Prompt. Write out the stretch of lines below that begins at the line with "emi_326 : Inport" and ends at the line with "Reshape : Reshape", including both, exactly as given and nothing more.

Records from a data source

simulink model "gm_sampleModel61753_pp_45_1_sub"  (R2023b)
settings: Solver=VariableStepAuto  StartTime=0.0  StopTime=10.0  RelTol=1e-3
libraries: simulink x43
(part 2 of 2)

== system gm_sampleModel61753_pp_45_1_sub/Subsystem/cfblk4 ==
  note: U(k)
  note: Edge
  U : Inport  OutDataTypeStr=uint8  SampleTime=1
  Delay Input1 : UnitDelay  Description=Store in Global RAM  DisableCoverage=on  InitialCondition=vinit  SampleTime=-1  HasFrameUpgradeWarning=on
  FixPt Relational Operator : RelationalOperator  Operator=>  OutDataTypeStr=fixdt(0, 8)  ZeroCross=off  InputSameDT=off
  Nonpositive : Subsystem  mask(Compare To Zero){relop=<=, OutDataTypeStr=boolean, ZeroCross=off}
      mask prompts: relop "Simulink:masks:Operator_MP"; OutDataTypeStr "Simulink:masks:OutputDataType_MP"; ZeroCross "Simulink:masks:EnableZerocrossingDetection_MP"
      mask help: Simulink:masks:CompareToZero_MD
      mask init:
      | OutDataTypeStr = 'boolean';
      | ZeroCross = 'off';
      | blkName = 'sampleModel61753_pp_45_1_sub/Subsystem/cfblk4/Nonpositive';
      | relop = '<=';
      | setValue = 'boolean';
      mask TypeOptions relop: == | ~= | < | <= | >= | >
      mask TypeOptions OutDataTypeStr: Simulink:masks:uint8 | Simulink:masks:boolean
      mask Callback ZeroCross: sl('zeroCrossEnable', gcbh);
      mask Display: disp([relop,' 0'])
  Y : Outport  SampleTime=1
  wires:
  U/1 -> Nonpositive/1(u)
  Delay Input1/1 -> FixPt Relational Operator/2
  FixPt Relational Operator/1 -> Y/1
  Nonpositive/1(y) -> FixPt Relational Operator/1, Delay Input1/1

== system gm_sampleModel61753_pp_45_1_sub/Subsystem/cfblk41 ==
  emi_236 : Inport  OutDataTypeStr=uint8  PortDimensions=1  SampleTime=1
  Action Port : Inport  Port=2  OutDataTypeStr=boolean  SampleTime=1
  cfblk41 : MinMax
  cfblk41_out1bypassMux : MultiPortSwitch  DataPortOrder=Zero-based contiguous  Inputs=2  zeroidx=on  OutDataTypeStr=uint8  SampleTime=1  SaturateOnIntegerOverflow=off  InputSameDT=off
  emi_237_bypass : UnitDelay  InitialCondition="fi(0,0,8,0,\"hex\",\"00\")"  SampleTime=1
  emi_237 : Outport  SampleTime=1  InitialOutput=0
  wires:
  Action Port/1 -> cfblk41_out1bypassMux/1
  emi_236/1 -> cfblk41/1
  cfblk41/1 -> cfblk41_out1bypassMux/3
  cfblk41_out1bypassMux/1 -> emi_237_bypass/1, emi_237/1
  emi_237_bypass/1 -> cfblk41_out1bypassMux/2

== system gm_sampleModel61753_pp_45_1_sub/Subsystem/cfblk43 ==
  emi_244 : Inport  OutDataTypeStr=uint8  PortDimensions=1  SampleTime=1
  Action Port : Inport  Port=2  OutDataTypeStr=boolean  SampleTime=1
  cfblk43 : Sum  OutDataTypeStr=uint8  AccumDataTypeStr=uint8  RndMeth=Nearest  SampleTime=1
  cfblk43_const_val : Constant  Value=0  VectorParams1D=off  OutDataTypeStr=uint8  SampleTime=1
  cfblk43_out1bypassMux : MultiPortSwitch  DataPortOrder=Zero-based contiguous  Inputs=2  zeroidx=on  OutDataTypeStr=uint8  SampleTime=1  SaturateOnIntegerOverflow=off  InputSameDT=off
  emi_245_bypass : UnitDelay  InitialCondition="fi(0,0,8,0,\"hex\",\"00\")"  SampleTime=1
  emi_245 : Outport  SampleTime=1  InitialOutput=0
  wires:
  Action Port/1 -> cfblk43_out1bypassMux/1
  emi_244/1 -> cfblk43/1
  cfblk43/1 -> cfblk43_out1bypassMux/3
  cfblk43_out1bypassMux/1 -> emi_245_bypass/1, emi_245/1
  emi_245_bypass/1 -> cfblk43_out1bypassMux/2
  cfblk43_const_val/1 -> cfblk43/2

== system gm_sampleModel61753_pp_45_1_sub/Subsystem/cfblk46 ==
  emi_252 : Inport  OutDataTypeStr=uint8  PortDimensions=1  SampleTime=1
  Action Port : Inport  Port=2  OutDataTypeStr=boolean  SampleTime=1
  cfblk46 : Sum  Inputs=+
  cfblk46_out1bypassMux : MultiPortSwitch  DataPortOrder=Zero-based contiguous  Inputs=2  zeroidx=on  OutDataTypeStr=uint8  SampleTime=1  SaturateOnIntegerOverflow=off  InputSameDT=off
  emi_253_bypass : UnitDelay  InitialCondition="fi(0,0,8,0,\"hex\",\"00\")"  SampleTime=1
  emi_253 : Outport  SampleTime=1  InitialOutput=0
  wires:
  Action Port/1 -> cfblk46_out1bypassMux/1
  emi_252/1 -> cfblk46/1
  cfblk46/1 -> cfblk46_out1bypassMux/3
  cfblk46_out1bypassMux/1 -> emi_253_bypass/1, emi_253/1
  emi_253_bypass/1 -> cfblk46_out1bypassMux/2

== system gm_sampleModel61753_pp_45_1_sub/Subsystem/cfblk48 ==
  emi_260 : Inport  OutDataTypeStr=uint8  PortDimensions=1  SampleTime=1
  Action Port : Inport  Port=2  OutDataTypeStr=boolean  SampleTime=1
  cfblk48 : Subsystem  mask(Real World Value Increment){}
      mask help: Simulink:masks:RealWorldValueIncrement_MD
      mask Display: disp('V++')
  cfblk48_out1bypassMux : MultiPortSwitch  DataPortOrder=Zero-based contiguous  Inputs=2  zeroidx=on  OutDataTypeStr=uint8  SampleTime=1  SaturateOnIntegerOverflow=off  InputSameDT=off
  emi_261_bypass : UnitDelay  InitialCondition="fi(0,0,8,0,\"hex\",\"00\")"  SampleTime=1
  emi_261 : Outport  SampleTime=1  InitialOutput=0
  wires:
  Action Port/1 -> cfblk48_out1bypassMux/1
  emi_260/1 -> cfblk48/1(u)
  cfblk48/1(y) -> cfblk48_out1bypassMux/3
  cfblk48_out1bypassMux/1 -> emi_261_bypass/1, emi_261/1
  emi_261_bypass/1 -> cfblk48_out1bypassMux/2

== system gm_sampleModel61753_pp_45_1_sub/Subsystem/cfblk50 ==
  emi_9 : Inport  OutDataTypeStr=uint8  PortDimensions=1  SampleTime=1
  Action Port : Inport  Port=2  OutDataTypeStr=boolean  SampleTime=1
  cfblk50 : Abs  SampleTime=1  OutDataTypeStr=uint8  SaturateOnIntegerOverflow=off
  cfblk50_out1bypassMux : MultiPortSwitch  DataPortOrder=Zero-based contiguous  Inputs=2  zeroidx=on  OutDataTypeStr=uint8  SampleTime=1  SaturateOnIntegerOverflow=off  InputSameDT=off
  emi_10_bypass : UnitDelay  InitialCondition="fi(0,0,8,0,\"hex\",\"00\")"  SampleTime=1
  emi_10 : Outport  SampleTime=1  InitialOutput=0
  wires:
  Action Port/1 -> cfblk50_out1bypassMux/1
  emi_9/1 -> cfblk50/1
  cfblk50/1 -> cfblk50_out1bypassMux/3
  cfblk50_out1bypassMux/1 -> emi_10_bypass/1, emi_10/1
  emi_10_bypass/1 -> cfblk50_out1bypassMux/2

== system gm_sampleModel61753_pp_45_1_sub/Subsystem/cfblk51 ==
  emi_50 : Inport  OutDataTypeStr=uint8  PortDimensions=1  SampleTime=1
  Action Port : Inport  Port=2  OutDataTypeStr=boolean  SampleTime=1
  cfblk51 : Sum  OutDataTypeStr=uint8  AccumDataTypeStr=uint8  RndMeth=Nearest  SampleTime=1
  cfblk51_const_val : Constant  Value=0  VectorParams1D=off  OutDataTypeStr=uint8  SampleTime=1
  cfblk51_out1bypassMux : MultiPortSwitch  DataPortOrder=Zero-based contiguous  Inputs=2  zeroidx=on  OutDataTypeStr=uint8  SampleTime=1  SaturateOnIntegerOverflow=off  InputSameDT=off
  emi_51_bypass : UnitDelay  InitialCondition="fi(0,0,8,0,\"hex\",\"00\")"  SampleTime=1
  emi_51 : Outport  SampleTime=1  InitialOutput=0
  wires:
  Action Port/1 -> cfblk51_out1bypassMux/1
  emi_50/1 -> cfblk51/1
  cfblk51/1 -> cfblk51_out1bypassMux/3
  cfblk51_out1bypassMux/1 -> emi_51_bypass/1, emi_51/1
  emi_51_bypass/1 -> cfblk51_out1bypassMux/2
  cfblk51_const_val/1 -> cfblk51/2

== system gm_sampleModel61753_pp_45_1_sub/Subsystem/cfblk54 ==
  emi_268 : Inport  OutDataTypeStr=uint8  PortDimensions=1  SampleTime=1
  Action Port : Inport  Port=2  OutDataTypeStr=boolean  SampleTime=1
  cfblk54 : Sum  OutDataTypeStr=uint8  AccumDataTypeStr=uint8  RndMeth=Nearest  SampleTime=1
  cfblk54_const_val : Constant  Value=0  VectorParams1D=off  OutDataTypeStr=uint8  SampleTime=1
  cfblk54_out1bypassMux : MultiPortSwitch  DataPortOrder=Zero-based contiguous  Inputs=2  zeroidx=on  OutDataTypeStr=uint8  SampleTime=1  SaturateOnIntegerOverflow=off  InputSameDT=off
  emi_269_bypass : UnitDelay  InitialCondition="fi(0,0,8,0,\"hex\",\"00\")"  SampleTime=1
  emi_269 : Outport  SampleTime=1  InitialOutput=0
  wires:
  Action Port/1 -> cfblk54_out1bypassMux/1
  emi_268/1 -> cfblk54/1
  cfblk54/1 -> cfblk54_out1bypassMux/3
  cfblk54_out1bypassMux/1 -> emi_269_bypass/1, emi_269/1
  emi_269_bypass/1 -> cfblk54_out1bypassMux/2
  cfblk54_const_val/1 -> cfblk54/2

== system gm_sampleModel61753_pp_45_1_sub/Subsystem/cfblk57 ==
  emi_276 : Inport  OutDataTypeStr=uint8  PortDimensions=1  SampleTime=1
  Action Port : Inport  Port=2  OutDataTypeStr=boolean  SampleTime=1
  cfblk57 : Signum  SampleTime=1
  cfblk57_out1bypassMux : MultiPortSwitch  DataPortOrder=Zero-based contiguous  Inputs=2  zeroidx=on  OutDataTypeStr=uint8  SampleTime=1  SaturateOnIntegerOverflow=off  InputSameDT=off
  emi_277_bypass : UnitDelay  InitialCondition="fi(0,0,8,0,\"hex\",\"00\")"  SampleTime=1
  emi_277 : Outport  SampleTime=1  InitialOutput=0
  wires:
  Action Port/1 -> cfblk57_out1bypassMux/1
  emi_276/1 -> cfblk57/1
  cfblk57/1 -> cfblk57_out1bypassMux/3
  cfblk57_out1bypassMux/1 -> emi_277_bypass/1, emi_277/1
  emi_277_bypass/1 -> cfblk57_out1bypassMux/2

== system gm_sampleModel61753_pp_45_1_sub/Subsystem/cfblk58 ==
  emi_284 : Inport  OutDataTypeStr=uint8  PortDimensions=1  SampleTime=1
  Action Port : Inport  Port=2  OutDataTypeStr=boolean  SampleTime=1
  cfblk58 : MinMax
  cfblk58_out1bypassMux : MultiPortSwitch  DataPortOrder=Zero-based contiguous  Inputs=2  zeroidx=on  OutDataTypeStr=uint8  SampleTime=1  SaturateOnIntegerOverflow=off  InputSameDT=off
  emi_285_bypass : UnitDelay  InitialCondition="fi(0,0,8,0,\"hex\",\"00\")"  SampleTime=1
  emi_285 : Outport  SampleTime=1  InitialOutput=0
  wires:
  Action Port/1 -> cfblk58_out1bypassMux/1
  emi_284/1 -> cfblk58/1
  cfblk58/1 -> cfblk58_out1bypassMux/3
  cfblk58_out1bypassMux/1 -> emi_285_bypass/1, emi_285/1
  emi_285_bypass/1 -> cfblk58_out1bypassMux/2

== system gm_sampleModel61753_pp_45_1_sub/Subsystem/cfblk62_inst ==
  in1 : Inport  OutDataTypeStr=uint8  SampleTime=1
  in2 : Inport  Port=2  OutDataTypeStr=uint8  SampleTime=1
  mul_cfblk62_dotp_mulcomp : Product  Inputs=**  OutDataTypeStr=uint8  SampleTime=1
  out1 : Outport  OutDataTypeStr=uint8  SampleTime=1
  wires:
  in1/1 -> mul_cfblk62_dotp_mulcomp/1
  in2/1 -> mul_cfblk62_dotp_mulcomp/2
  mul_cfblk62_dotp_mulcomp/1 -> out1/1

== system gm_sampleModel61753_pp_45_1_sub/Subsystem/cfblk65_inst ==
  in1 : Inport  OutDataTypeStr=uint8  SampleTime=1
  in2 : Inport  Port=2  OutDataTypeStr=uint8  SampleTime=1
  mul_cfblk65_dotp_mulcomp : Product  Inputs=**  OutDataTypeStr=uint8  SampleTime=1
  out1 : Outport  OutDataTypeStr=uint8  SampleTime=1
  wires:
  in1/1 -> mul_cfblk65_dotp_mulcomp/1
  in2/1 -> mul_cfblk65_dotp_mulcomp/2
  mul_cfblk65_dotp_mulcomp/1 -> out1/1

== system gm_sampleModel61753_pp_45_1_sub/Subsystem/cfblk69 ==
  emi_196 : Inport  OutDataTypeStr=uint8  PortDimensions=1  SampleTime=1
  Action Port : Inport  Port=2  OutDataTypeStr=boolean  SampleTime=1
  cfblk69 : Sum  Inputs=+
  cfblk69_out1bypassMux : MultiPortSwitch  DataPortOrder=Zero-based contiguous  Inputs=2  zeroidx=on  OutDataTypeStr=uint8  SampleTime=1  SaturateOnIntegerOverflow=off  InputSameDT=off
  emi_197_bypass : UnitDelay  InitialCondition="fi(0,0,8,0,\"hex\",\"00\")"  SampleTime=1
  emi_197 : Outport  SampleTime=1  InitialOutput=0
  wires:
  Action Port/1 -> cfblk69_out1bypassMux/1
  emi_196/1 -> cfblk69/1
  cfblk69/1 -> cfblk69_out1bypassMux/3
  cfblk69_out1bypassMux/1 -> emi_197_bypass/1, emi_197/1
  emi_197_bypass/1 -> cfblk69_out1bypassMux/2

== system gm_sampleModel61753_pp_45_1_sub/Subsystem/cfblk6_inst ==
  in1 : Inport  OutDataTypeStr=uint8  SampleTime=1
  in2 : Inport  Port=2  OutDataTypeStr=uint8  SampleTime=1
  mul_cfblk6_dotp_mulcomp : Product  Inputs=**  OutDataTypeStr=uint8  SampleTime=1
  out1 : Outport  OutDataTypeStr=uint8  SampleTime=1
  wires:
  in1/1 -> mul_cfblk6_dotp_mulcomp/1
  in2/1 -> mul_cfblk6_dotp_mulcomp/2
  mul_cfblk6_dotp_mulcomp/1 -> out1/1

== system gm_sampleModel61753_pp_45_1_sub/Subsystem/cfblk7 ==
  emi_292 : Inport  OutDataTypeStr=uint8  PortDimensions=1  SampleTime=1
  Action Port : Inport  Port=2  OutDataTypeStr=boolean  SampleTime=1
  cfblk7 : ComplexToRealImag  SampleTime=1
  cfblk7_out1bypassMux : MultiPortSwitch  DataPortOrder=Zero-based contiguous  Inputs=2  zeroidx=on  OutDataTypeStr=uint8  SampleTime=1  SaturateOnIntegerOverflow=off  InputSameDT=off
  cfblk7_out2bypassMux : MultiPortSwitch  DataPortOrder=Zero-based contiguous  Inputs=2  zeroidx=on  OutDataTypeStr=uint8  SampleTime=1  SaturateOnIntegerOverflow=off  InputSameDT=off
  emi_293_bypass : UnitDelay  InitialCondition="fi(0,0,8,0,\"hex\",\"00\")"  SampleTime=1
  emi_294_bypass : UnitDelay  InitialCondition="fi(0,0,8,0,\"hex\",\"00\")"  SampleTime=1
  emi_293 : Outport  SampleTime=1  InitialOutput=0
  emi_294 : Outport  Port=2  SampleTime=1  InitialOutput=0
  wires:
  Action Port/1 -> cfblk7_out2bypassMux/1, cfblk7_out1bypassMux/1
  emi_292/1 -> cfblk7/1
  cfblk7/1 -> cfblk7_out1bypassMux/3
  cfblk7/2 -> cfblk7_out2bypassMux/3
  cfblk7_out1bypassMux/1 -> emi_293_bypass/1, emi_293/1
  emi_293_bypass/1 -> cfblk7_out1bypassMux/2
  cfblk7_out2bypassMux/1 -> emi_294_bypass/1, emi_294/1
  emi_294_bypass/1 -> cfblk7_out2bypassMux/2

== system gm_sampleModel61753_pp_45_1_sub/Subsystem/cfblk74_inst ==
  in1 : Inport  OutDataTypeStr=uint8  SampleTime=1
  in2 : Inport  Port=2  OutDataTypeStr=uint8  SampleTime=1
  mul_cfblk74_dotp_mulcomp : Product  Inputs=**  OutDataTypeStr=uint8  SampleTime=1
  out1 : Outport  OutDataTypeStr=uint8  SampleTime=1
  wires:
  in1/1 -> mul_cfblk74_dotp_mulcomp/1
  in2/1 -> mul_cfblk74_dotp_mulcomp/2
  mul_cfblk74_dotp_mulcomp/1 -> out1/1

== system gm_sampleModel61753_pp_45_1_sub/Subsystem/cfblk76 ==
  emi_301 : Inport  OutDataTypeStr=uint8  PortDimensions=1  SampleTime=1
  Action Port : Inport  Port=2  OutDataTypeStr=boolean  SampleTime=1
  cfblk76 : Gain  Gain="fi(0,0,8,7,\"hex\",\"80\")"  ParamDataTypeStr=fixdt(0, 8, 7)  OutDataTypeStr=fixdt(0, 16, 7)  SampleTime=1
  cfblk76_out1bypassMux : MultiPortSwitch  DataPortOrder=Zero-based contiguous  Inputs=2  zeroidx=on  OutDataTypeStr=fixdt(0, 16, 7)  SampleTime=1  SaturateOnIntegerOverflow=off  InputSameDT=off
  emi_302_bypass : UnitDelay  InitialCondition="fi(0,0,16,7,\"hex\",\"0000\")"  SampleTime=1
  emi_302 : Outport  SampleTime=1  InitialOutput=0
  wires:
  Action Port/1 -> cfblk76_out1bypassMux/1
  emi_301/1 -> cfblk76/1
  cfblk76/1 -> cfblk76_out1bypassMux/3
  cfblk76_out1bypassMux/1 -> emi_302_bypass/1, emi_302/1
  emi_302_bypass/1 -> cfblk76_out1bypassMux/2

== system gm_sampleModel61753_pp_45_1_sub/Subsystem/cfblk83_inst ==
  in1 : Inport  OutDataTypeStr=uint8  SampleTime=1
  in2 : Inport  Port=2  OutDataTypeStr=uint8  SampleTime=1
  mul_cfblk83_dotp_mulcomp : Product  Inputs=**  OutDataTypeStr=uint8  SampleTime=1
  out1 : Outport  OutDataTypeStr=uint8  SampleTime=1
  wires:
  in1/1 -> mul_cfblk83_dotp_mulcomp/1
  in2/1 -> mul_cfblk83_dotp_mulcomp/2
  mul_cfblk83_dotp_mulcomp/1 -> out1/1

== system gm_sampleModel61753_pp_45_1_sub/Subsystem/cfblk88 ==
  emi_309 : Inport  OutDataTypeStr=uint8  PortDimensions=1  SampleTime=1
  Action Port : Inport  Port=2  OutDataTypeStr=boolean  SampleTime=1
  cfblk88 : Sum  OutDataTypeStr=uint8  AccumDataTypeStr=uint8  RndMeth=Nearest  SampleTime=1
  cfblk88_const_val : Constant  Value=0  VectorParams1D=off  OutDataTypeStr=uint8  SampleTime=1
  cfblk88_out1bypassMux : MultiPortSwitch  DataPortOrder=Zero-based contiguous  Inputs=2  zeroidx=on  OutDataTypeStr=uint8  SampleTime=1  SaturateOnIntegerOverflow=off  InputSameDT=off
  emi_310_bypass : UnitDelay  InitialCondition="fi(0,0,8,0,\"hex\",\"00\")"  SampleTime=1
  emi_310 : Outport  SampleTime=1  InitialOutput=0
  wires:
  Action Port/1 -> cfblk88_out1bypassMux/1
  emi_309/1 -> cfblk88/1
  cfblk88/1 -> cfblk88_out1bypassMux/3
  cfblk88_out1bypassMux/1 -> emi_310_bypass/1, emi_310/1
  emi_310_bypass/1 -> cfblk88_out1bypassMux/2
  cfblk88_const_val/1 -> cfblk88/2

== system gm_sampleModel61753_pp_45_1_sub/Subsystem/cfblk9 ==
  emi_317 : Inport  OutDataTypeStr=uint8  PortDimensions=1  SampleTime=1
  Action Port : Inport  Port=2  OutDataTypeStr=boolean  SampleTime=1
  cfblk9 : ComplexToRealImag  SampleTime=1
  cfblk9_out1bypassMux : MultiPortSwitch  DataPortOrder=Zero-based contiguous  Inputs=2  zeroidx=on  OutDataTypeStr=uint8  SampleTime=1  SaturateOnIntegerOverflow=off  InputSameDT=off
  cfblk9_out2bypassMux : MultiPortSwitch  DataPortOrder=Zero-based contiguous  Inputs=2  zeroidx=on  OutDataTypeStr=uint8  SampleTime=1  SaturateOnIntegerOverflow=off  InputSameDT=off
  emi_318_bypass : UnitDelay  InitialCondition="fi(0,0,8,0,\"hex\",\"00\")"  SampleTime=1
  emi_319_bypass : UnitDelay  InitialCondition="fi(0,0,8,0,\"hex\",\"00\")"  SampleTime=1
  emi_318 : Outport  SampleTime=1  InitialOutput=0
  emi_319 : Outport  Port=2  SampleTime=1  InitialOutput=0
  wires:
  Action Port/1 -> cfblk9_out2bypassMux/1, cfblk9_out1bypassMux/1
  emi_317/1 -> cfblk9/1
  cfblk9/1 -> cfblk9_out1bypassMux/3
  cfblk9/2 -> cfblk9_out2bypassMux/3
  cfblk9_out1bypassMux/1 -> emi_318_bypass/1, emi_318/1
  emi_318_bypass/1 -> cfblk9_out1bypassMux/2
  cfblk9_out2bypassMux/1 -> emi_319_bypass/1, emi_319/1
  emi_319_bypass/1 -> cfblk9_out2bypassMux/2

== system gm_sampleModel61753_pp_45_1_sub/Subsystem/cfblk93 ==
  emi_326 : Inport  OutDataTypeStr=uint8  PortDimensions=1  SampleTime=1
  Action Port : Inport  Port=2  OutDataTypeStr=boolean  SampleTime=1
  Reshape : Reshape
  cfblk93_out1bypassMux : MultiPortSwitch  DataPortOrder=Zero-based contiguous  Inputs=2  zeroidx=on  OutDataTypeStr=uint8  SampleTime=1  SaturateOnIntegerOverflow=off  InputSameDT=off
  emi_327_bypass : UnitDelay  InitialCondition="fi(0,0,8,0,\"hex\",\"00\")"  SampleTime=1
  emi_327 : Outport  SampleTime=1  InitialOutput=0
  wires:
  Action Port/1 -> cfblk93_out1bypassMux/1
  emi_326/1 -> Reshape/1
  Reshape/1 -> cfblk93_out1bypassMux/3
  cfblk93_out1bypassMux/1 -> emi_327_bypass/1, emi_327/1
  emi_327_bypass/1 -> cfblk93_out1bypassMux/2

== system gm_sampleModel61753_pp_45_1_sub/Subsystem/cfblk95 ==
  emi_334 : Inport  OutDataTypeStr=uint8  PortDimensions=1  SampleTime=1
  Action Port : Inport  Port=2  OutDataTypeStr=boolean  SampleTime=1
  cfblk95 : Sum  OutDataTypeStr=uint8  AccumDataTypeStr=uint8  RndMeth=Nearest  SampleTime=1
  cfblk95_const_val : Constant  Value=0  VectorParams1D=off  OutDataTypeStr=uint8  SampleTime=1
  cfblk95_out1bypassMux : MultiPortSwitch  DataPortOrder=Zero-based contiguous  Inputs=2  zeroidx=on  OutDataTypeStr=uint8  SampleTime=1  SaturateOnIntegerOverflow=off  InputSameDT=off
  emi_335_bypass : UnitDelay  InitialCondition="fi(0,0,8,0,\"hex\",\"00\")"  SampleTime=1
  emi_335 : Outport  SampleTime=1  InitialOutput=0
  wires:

Task output.
  emi_326 : Inport  OutDataTypeStr=uint8  PortDimensions=1  SampleTime=1
  Action Port : Inport  Port=2  OutDataTypeStr=boolean  SampleTime=1
  Reshape : Reshape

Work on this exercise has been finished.